(Source data)
════════════════

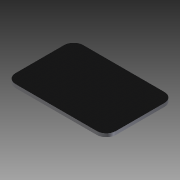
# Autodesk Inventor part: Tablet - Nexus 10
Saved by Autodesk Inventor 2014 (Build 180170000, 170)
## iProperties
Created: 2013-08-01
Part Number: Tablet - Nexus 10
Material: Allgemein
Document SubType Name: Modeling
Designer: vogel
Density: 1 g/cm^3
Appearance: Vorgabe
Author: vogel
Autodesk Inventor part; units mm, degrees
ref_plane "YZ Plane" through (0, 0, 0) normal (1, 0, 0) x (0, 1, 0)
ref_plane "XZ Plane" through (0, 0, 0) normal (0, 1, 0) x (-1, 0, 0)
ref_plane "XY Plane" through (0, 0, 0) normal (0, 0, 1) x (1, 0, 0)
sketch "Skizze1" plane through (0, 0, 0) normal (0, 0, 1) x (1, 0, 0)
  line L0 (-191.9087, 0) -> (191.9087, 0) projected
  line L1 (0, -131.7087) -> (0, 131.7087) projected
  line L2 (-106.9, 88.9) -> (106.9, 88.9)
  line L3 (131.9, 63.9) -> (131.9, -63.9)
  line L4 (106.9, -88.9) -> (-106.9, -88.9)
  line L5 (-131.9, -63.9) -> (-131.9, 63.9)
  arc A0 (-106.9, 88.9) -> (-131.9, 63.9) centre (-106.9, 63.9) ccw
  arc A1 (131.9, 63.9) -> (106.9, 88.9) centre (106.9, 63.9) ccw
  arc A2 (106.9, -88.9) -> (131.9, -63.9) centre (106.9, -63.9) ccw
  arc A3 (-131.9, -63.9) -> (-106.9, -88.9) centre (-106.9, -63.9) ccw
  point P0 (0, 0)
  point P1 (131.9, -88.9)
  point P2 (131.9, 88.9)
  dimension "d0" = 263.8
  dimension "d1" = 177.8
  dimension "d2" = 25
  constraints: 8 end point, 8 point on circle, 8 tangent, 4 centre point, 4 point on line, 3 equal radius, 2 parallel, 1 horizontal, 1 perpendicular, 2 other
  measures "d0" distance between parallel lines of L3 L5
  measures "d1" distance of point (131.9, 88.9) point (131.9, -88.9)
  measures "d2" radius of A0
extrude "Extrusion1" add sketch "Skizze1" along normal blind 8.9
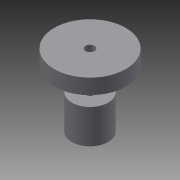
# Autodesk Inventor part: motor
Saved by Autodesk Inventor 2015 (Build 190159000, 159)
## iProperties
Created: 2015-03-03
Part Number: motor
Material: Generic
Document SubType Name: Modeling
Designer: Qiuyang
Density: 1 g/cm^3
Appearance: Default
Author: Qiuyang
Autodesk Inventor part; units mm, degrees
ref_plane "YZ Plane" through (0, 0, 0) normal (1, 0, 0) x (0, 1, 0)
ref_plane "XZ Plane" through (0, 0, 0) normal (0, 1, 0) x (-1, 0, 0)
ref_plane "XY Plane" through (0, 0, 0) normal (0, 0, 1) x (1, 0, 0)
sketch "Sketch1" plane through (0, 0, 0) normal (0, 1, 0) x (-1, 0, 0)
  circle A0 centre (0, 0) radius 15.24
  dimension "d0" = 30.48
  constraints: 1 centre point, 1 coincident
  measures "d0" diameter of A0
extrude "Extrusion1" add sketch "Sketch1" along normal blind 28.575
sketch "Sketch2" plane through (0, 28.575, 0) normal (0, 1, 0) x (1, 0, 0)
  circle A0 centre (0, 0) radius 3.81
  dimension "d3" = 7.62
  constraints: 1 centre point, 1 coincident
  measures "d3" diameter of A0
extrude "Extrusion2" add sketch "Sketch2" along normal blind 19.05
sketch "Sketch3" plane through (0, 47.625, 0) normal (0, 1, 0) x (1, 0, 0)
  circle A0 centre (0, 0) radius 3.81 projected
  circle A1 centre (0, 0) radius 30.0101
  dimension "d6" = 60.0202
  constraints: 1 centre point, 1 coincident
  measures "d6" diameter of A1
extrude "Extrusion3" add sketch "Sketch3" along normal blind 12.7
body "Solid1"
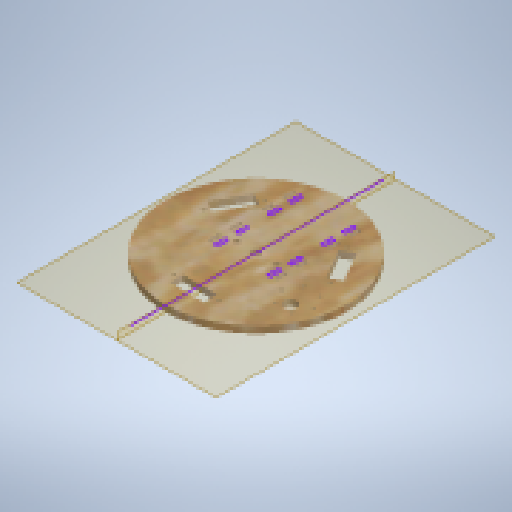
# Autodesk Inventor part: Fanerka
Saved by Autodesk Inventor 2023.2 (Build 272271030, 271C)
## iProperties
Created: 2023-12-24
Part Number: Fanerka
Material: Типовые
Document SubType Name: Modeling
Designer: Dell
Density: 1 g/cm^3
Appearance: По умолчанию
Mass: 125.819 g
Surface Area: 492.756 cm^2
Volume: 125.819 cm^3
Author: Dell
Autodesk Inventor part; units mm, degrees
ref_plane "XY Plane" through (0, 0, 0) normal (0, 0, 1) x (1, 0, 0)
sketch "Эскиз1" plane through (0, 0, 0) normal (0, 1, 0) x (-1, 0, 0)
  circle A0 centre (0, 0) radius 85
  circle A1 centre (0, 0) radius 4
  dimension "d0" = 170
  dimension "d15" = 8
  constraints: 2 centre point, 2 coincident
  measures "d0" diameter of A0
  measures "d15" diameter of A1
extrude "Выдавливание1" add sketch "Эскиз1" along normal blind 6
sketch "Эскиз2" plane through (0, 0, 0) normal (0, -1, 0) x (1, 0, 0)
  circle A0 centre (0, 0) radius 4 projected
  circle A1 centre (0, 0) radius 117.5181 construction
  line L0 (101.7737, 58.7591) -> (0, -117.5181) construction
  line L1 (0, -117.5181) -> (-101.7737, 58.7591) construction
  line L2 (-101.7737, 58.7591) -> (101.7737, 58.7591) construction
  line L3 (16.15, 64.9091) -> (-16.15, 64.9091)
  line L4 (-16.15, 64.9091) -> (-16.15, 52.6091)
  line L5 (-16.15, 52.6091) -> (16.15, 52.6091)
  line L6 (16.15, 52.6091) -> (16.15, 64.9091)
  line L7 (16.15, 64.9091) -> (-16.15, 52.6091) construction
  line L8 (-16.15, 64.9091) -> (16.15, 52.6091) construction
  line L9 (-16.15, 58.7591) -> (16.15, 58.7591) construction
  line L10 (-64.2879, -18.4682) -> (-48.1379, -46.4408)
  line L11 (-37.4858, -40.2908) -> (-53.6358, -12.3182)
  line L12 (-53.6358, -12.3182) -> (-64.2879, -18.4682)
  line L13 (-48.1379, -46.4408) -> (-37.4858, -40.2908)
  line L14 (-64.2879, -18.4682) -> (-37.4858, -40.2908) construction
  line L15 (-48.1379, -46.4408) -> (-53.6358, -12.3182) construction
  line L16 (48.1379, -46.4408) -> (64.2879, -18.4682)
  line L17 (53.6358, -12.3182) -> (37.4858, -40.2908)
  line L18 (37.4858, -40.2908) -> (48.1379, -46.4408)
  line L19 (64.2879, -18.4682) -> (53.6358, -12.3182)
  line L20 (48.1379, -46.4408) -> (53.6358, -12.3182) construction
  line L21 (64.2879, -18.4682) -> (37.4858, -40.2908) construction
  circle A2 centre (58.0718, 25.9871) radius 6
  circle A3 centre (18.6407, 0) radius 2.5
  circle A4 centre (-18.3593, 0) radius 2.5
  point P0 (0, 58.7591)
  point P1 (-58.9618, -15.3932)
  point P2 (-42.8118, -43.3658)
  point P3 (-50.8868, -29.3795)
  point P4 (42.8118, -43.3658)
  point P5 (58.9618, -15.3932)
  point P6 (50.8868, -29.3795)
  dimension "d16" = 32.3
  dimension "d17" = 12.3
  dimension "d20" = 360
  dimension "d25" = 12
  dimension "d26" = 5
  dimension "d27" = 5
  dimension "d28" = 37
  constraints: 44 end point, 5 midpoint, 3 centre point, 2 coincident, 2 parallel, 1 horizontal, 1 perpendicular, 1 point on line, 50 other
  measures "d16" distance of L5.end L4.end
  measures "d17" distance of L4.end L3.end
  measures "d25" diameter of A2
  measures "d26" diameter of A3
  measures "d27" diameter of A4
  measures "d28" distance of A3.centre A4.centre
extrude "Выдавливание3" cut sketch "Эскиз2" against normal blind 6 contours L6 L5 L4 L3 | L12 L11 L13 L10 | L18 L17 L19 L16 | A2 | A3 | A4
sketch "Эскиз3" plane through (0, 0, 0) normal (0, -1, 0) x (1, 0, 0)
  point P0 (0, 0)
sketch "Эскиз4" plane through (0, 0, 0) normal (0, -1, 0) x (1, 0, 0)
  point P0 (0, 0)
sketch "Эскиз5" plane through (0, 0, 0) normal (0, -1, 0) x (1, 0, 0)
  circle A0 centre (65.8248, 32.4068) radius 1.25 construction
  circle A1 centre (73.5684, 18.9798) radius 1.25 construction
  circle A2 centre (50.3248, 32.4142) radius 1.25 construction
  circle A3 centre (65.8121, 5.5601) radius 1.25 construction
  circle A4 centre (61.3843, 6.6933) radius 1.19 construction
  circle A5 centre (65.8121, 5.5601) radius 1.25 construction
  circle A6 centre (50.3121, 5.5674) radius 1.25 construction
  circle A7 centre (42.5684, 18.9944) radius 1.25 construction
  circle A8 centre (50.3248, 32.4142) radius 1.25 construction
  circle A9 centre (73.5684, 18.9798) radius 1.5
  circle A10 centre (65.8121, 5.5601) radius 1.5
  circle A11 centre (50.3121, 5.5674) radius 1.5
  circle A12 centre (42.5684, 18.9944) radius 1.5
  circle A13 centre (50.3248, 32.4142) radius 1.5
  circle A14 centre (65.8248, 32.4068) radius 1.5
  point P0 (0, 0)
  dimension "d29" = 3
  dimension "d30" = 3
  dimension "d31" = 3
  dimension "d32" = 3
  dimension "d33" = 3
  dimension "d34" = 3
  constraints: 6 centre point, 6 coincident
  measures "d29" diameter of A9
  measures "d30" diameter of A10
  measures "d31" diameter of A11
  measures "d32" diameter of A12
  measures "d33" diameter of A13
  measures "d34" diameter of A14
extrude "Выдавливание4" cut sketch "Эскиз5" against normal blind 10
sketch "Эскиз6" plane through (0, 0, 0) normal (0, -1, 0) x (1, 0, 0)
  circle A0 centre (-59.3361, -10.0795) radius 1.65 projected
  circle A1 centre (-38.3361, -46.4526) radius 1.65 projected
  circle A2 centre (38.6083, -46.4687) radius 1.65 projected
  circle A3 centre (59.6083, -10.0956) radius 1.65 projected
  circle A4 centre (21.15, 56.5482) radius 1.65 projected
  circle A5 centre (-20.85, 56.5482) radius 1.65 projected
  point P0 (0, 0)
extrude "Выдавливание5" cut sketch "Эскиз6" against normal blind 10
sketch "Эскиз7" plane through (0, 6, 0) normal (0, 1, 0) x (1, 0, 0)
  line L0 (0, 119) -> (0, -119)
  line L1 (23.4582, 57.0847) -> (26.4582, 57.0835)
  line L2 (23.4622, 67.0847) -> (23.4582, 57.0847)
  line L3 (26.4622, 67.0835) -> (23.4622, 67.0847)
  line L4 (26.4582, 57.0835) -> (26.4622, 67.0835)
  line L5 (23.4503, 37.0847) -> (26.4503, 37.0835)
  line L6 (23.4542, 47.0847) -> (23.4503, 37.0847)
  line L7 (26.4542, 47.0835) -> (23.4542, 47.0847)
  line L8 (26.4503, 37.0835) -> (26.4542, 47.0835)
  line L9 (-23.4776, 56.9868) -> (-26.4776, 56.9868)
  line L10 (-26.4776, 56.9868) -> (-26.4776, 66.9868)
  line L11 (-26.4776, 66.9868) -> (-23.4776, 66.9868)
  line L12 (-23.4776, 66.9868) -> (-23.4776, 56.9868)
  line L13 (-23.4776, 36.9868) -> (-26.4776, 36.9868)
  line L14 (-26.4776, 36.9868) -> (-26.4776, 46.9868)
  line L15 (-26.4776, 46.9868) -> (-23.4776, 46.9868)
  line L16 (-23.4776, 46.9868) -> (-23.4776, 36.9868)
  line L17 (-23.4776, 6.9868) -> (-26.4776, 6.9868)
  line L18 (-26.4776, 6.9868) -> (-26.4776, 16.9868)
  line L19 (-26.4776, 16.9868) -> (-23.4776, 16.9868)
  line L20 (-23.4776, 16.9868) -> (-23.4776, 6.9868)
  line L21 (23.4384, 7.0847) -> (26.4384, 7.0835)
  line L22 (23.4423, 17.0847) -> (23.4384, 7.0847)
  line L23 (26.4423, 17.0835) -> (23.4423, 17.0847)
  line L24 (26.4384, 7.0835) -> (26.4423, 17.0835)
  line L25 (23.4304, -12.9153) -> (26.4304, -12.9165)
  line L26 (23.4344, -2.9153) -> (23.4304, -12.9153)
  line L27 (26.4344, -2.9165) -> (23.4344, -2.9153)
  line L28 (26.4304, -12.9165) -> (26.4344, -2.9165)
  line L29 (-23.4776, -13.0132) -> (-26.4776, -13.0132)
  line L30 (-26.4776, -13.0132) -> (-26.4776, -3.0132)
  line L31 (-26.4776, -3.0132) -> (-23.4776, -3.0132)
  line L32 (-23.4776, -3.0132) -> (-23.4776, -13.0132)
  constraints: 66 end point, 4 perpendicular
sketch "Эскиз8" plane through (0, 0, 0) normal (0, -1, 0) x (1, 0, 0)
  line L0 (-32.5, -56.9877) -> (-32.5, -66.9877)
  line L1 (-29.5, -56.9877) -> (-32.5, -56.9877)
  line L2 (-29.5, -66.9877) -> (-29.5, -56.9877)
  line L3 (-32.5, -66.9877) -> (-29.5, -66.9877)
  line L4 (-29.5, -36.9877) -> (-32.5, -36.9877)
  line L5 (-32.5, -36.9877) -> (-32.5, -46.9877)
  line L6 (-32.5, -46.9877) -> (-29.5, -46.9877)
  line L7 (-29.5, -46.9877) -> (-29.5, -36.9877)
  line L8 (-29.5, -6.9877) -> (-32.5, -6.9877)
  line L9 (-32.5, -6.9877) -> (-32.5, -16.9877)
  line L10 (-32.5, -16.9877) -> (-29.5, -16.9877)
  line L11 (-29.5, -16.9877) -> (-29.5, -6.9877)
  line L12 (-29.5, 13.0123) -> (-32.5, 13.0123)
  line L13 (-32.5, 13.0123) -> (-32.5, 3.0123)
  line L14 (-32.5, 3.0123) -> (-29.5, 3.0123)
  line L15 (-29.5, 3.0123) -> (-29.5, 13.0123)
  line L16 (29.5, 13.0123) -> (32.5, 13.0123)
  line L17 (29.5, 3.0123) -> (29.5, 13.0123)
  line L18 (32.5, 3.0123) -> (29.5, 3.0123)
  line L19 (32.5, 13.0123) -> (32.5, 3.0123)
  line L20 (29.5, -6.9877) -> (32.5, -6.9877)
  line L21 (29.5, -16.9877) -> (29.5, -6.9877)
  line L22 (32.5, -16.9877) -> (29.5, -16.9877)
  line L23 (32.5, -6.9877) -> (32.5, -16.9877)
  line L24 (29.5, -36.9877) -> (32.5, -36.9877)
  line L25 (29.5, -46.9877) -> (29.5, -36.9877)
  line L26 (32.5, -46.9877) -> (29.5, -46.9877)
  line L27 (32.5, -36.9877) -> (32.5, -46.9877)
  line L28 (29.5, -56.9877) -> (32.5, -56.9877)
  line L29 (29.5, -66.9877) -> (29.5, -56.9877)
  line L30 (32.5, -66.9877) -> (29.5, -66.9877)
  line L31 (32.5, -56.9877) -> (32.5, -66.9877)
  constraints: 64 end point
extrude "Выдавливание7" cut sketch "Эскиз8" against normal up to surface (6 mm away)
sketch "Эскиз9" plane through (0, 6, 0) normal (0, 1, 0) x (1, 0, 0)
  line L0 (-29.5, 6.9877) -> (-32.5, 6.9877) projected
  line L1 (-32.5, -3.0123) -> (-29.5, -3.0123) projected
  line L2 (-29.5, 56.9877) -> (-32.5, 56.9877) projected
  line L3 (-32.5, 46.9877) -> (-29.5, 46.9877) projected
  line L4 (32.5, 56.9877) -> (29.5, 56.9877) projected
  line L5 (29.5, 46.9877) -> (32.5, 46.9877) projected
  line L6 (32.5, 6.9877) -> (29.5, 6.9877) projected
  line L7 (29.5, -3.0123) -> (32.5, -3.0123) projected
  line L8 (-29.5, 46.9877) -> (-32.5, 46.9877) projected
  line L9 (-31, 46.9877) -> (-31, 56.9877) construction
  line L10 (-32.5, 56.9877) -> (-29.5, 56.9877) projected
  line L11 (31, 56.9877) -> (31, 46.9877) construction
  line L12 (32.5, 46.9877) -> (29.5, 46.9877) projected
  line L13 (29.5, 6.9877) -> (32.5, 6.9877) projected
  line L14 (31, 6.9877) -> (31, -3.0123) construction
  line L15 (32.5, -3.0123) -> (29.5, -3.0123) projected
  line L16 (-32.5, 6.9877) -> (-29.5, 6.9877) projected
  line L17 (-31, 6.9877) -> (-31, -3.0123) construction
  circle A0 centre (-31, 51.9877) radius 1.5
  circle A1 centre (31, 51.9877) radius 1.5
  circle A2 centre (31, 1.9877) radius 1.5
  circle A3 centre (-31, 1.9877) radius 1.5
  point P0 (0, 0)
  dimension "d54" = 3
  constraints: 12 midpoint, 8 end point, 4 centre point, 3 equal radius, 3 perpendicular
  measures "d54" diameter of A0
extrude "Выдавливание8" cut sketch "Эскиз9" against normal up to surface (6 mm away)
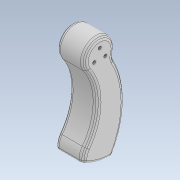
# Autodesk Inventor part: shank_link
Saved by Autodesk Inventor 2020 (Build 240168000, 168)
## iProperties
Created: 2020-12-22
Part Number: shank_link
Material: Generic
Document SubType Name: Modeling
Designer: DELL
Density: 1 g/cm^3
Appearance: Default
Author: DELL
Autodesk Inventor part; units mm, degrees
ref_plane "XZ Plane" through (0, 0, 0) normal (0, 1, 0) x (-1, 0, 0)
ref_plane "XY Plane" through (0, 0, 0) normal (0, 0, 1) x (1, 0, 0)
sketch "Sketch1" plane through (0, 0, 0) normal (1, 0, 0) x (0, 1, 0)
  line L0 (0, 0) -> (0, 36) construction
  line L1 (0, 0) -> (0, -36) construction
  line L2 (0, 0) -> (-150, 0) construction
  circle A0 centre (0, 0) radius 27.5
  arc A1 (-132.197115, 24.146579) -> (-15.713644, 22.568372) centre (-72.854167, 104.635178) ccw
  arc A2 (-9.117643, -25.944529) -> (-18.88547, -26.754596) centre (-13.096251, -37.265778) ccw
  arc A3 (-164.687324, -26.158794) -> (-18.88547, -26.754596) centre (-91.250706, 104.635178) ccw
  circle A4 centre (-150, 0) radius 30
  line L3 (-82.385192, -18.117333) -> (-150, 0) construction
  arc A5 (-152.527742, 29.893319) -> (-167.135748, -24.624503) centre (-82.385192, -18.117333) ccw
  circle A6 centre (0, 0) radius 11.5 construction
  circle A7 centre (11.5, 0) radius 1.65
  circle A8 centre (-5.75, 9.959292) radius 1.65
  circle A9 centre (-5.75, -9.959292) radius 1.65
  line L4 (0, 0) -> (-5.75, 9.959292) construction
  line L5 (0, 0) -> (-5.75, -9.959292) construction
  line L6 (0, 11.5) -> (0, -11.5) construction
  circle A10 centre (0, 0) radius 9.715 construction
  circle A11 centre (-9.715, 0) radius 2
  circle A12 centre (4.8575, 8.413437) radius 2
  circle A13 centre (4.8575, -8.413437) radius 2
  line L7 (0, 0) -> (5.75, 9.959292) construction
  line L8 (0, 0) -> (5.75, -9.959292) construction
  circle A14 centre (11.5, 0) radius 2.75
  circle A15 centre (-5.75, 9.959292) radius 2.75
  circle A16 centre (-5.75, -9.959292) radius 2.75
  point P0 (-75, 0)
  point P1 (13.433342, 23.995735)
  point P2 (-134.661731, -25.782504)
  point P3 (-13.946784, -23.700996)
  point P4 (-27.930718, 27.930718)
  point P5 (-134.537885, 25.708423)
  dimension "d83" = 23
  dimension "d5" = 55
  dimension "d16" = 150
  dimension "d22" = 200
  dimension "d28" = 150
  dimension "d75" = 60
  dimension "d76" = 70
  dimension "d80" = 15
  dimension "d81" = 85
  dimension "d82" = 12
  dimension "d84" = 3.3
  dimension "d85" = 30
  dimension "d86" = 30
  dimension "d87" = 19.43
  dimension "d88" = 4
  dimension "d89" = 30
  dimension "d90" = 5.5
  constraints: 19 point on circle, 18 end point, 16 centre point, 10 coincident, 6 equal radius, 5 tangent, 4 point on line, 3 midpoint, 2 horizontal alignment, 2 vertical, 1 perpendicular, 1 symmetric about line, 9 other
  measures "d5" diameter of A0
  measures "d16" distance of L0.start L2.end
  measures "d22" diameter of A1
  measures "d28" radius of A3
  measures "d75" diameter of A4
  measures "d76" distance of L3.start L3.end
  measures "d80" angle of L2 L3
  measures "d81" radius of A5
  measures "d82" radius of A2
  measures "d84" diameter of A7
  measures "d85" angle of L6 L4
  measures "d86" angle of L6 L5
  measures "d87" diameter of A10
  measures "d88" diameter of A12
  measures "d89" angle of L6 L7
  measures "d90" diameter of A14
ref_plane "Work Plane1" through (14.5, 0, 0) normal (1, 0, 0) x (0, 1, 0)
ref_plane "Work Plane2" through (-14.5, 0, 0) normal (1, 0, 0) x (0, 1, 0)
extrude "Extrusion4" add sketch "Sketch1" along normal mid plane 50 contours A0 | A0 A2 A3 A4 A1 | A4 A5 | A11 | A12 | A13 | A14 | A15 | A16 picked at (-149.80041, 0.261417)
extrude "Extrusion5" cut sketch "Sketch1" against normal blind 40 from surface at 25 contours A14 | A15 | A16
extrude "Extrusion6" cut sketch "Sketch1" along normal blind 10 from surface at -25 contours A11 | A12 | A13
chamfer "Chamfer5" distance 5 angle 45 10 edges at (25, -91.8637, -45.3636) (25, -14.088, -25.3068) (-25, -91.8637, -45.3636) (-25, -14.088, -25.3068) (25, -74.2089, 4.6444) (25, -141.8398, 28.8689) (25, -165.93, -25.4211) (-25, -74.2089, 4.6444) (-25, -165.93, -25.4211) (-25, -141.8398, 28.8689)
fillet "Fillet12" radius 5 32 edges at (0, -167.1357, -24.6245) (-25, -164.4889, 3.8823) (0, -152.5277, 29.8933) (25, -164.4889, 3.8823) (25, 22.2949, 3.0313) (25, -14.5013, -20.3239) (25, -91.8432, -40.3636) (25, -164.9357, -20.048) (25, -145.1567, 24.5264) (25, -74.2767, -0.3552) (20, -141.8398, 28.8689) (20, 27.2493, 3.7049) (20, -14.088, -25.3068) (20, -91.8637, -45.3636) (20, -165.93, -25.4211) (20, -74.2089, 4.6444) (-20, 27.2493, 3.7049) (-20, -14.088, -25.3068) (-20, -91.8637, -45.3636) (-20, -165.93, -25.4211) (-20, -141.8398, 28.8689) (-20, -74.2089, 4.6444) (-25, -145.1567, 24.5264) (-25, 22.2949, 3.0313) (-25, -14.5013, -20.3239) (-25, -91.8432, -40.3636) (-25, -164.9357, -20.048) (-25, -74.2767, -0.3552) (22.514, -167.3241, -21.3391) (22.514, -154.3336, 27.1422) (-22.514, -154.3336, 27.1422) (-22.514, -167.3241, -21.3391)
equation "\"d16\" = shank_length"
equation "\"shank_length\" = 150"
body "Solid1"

════════════════

Given the records above, reproduce precisely and only the lines between the line holding "line L3 (-82.385192, -18.117333)" and the line holding "angle of L2 L3", inclusive.

◆ RESPONSE TO THE EXERCISE:
  line L3 (-82.385192, -18.117333) -> (-150, 0) construction
  arc A5 (-152.527742, 29.893319) -> (-167.135748, -24.624503) centre (-82.385192, -18.117333) ccw
  circle A6 centre (0, 0) radius 11.5 construction
  circle A7 centre (11.5, 0) radius 1.65
  circle A8 centre (-5.75, 9.959292) radius 1.65
  circle A9 centre (-5.75, -9.959292) radius 1.65
  line L4 (0, 0) -> (-5.75, 9.959292) construction
  line L5 (0, 0) -> (-5.75, -9.959292) construction
  line L6 (0, 11.5) -> (0, -11.5) construction
  circle A10 centre (0, 0) radius 9.715 construction
  circle A11 centre (-9.715, 0) radius 2
  circle A12 centre (4.8575, 8.413437) radius 2
  circle A13 centre (4.8575, -8.413437) radius 2
  line L7 (0, 0) -> (5.75, 9.959292) construction
  line L8 (0, 0) -> (5.75, -9.959292) construction
  circle A14 centre (11.5, 0) radius 2.75
  circle A15 centre (-5.75, 9.959292) radius 2.75
  circle A16 centre (-5.75, -9.959292) radius 2.75
  point P0 (-75, 0)
  point P1 (13.433342, 23.995735)
  point P2 (-134.661731, -25.782504)
  point P3 (-13.946784, -23.700996)
  point P4 (-27.930718, 27.930718)
  point P5 (-134.537885, 25.708423)
  dimension "d83" = 23
  dimension "d5" = 55
  dimension "d16" = 150
  dimension "d22" = 200
  dimension "d28" = 150
  dimension "d75" = 60
  dimension "d76" = 70
  dimension "d80" = 15
  dimension "d81" = 85
  dimension "d82" = 12
  dimension "d84" = 3.3
  dimension "d85" = 30
  dimension "d86" = 30
  dimension "d87" = 19.43
  dimension "d88" = 4
  dimension "d89" = 30
  dimension "d90" = 5.5
  constraints: 19 point on circle, 18 end point, 16 centre point, 10 coincident, 6 equal radius, 5 tangent, 4 point on line, 3 midpoint, 2 horizontal alignment, 2 vertical, 1 perpendicular, 1 symmetric about line, 9 other
  measures "d5" diameter of A0
  measures "d16" distance of L0.start L2.end
  measures "d22" diameter of A1
  measures "d28" radius of A3
  measures "d75" diameter of A4
  measures "d76" distance of L3.start L3.end
  measures "d80" angle of L2 L3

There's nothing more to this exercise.